■ Work order
Can the lines below, from the one that holds "unnamed: P101.62, P102.62" to the very end, be echoed exactly, with both ends included and no pictures?

#####

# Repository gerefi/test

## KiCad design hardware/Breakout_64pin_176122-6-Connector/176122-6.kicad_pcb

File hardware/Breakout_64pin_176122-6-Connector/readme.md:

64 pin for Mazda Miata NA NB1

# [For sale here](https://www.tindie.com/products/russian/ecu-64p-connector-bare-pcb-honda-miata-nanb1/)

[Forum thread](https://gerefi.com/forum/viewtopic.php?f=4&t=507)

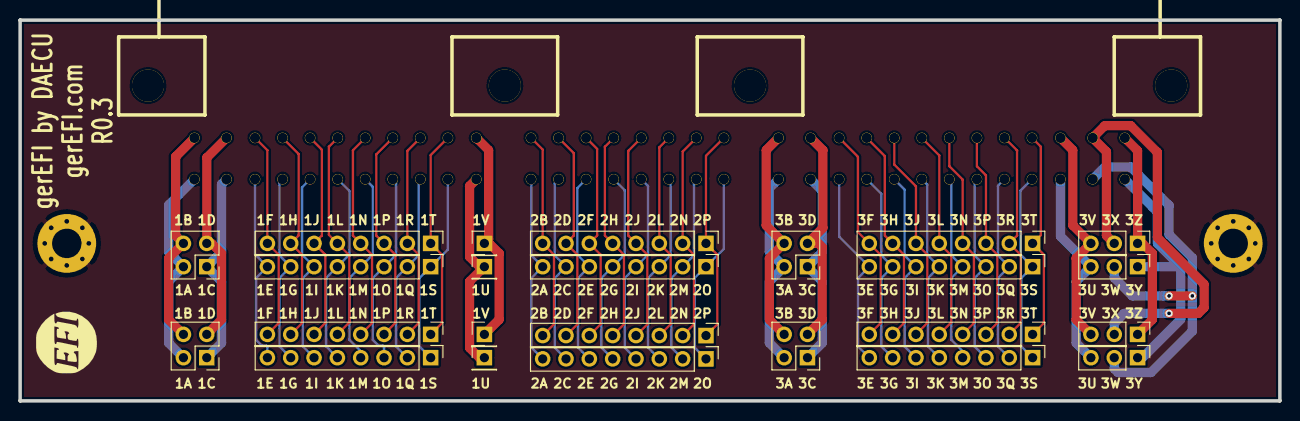
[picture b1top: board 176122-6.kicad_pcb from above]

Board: 2 copper layers, 137.2 x 41.5 mm, 28 parts (0 on the bottom side), 65 nets.

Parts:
G1: LOGO
H1, H2: MountingHole_Pad; MountingHole_3.2mm_M3_Pad_Via
P1, P2, P13, P14: CONN_3; PinHeader_1x03_P2.54mm_Vertical
P3, P4, P42, P43: Conn_01x04_Male; PinHeader_2x02_P2.54mm_Vertical
P7, P8, P19, P20: CONN_1; PinHeader_1x01_P2.54mm_Vertical
P25: 0176122-06; 176122-6
P26, P27, P28, P29, P30, P31, P32, P33, P34, P35, P36, P37: CONN_8; PinHeader_1x08_P2.54mm_Vertical

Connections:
GND: H1.1, H2.1
unnamed: P1.1, P13.1, P25.1
unnamed: P1.2, P13.2, P25.2
unnamed: P1.3, P13.3, P25.3
unnamed: P2.1, P14.1, P25.4
unnamed: P2.2, P14.2, P25.5
unnamed: P2.3, P14.3, P25.6
unnamed: P7.1, P19.1, P25.11
unnamed: P8.1, P20.1, P25.12
unnamed: P3.1, P4.1, P25.7
unnamed: P3.2, P4.2, P25.8
unnamed: P3.3, P4.3, P25.9
unnamed: P3.4, P4.4, P25.10
unnamed: P25.13, P42.1, P43.1
unnamed: P25.14, P42.2, P43.2
unnamed: P25.15, P42.3, P43.3
unnamed: P25.16, P42.4, P43.4
unnamed: P25.17, P26.1, P32.1
unnamed: P25.18, P26.2, P32.2
unnamed: P25.19, P26.3, P32.3
unnamed: P25.20, P26.4, P32.4
unnamed: P25.21, P26.5, P32.5
unnamed: P25.22, P26.6, P32.6
unnamed: P25.23, P26.7, P32.7
unnamed: P25.24, P26.8, P32.8
unnamed: P25.25, P27.1, P33.1
unnamed: P25.26, P27.2, P33.2
unnamed: P25.27, P27.3, P33.3
unnamed: P25.28, P27.4, P33.4
unnamed: P25.29, P27.5, P33.5
unnamed: P25.30, P27.6, P33.6
unnamed: P25.31, P27.7, P33.7
unnamed: P25.32, P27.8, P33.8
unnamed: P25.33, P28.1, P34.1
unnamed: P25.34, P28.2, P34.2
unnamed: P25.35, P28.3, P34.3
unnamed: P25.36, P28.4, P34.4
unnamed: P25.37, P28.5, P34.5
unnamed: P25.38, P28.6, P34.6
unnamed: P25.39, P28.7, P34.7
unnamed: P25.40, P28.8, P34.8
unnamed: P25.41, P29.1, P35.1
unnamed: P25.42, P29.2, P35.2
unnamed: P25.43, P29.3, P35.3
unnamed: P25.44, P29.4, P35.4
unnamed: P25.45, P29.5, P35.5
unnamed: P25.46, P29.6, P35.6
unnamed: P25.47, P29.7, P35.7
unnamed: P25.48, P29.8, P35.8
unnamed: P25.49, P30.1, P36.1
unnamed: P25.50, P30.2, P36.2
unnamed: P25.51, P30.3, P36.3
unnamed: P25.52, P30.4, P36.4
unnamed: P25.53, P30.5, P36.5
unnamed: P25.54, P30.6, P36.6
unnamed: P25.55, P30.7, P36.7
unnamed: P25.56, P30.8, P36.8
unnamed: P25.57, P31.1, P37.1
unnamed: P25.58, P31.2, P37.2
unnamed: P25.59, P31.3, P37.3
unnamed: P25.60, P31.4, P37.4
unnamed: P25.61, P31.5, P37.5
unnamed: P25.62, P31.6, P37.6
unnamed: P25.63, P31.7, P37.7
unnamed: P25.64, P31.8, P37.8

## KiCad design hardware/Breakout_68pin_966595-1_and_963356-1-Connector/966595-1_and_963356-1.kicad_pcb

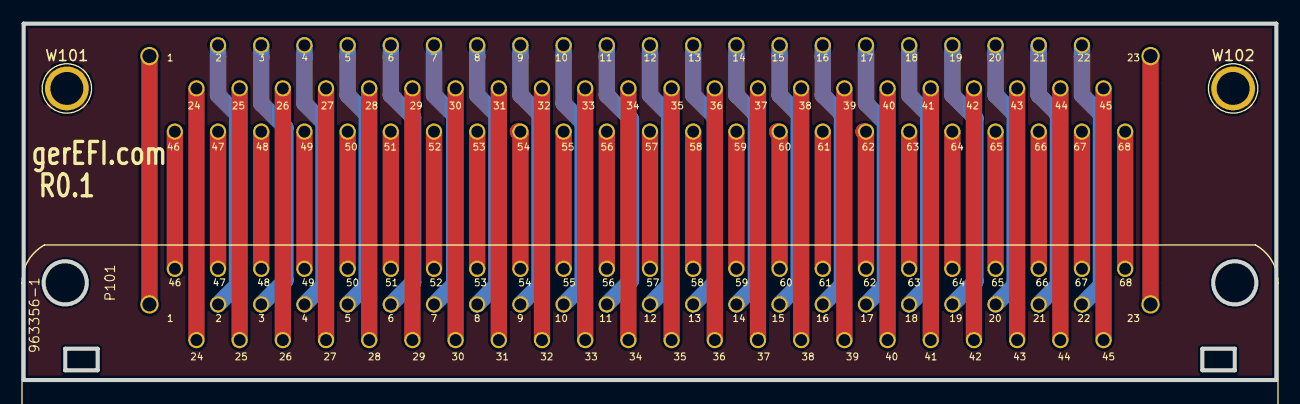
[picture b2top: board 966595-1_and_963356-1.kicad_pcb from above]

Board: 2 copper layers, 116.0 x 33.0 mm, 4 parts (1 on the bottom side), 69 nets.

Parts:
P101: 963356-1
P102: 966595-1
W101, W102: TEST_1P; 1pin

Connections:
GND: W101.1, W102.1
unnamed: P101.1, P102.1
unnamed: P101.2, P102.2
unnamed: P101.3, P102.3
unnamed: P101.4, P102.4
unnamed: P101.5, P102.5
unnamed: P101.6, P102.6
unnamed: P101.7, P102.7
unnamed: P101.8, P102.8
unnamed: P101.9, P102.9
unnamed: P101.10, P102.10
unnamed: P101.11, P102.11
unnamed: P101.12, P102.12
unnamed: P101.13, P102.13
unnamed: P101.14, P102.14
unnamed: P101.15, P102.15
unnamed: P101.16, P102.16
unnamed: P101.17, P102.17
unnamed: P101.18, P102.18
unnamed: P101.19, P102.19
unnamed: P101.20, P102.20
unnamed: P101.21, P102.21
unnamed: P101.22, P102.22
unnamed: P101.23, P102.23
unnamed: P101.24, P102.24
unnamed: P101.25, P102.25
unnamed: P101.26, P102.26
unnamed: P101.27, P102.27
unnamed: P101.28, P102.28
unnamed: P101.29, P102.29
unnamed: P101.30, P102.30
unnamed: P101.31, P102.31
unnamed: P101.32, P102.32
unnamed: P101.33, P102.33
unnamed: P101.34, P102.34
unnamed: P101.35, P102.35
unnamed: P101.36, P102.36
unnamed: P101.37, P102.37
unnamed: P101.38, P102.38
unnamed: P101.39, P102.39
unnamed: P101.40, P102.40
unnamed: P101.41, P102.41
unnamed: P101.42, P102.42
unnamed: P101.43, P102.43
unnamed: P101.44, P102.44
unnamed: P101.45, P102.45
unnamed: P101.46, P102.46
unnamed: P101.47, P102.47
unnamed: P101.48, P102.48
unnamed: P101.49, P102.49
unnamed: P101.50, P102.50
unnamed: P101.51, P102.51
unnamed: P101.52, P102.52
unnamed: P101.53, P102.53
unnamed: P101.54, P102.54
unnamed: P101.55, P102.55
unnamed: P101.56, P102.56
unnamed: P101.57, P102.57
unnamed: P101.58, P102.58
unnamed: P101.59, P102.59
unnamed: P101.60, P102.60
unnamed: P101.61, P102.61
unnamed: P101.62, P102.62
unnamed: P101.63, P102.63
unnamed: P101.64, P102.64
unnamed: P101.65, P102.65
unnamed: P101.66, P102.66
unnamed: P101.67, P102.67
unnamed: P101.68, P102.68

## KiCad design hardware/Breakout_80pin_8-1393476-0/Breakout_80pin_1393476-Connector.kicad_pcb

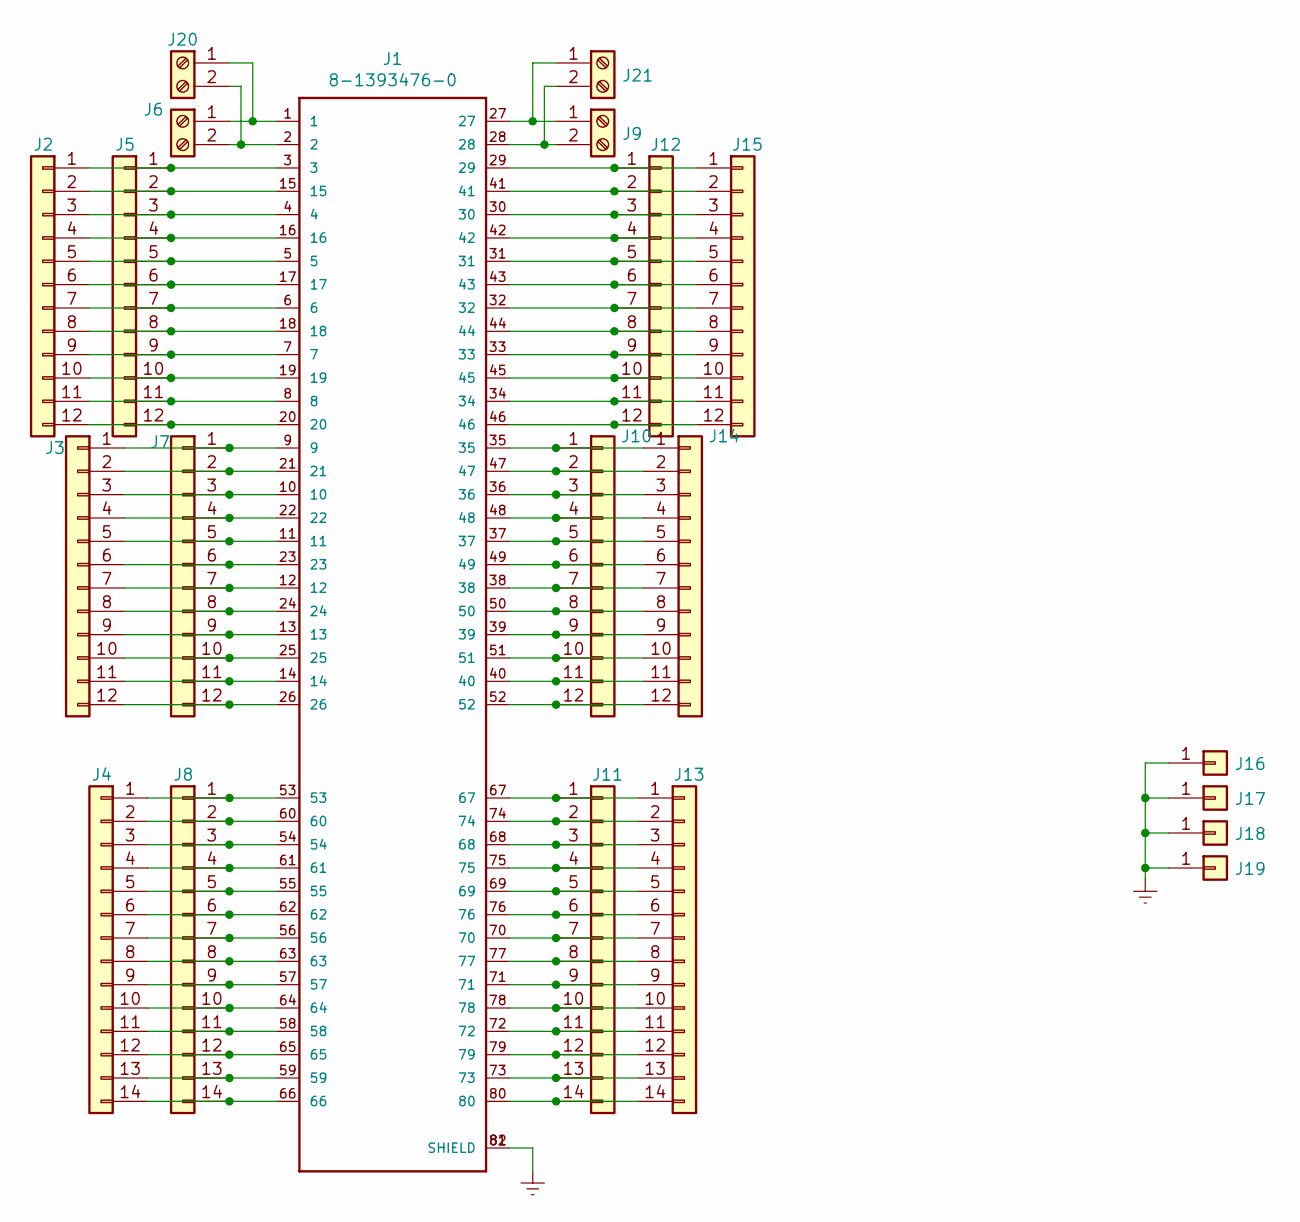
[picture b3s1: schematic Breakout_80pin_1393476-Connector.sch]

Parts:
J1: 8-1393476-0
J2, J3, J5, J7, J10, J12, J14, J15: Conn_01x12; Pin_Header_Straight_1x12_Pitch2.54mm
J4, J8, J11, J13: Conn_01x14; Pin_Header_Straight_1x14_Pitch2.54mm
J6, J9, J20, J21: Screw_Terminal_01x02; WireConnection_2.50mmDrill
J16, J17, J18, J19: Conn_01x01; Pin_Header_Straight_1x01_Pitch2.54mm

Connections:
Earth: J1.81 (SHIELD), J1.82 (SHIELD), J16.1, J17.1, J18.1, J19.1
unnamed: J1.1, J6.1, J20.1
unnamed: J1.2, J6.2, J20.2
unnamed: J1.3, J2.1, J5.1
unnamed: J1.4, J2.3, J5.3
unnamed: J1.5, J2.5, J5.5
unnamed: J1.6, J2.7, J5.7
unnamed: J1.7, J2.9, J5.9
unnamed: J1.8, J2.11, J5.11
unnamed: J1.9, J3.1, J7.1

#####

■ Exercise answer
unnamed: P101.62, P102.62
unnamed: P101.63, P102.63
unnamed: P101.64, P102.64
unnamed: P101.65, P102.65
unnamed: P101.66, P102.66
unnamed: P101.67, P102.67
unnamed: P101.68, P102.68

## KiCad design hardware/Breakout_80pin_8-1393476-0/Breakout_80pin_1393476-Connector.kicad_pcb

[picture b3s1: schematic Breakout_80pin_1393476-Connector.sch]

Parts:
J1: 8-1393476-0
J2, J3, J5, J7, J10, J12, J14, J15: Conn_01x12; Pin_Header_Straight_1x12_Pitch2.54mm
J4, J8, J11, J13: Conn_01x14; Pin_Header_Straight_1x14_Pitch2.54mm
J6, J9, J20, J21: Screw_Terminal_01x02; WireConnection_2.50mmDrill
J16, J17, J18, J19: Conn_01x01; Pin_Header_Straight_1x01_Pitch2.54mm

Connections:
Earth: J1.81 (SHIELD), J1.82 (SHIELD), J16.1, J17.1, J18.1, J19.1
unnamed: J1.1, J6.1, J20.1
unnamed: J1.2, J6.2, J20.2
unnamed: J1.3, J2.1, J5.1
unnamed: J1.4, J2.3, J5.3
unnamed: J1.5, J2.5, J5.5
unnamed: J1.6, J2.7, J5.7
unnamed: J1.7, J2.9, J5.9
unnamed: J1.8, J2.11, J5.11
unnamed: J1.9, J3.1, J7.1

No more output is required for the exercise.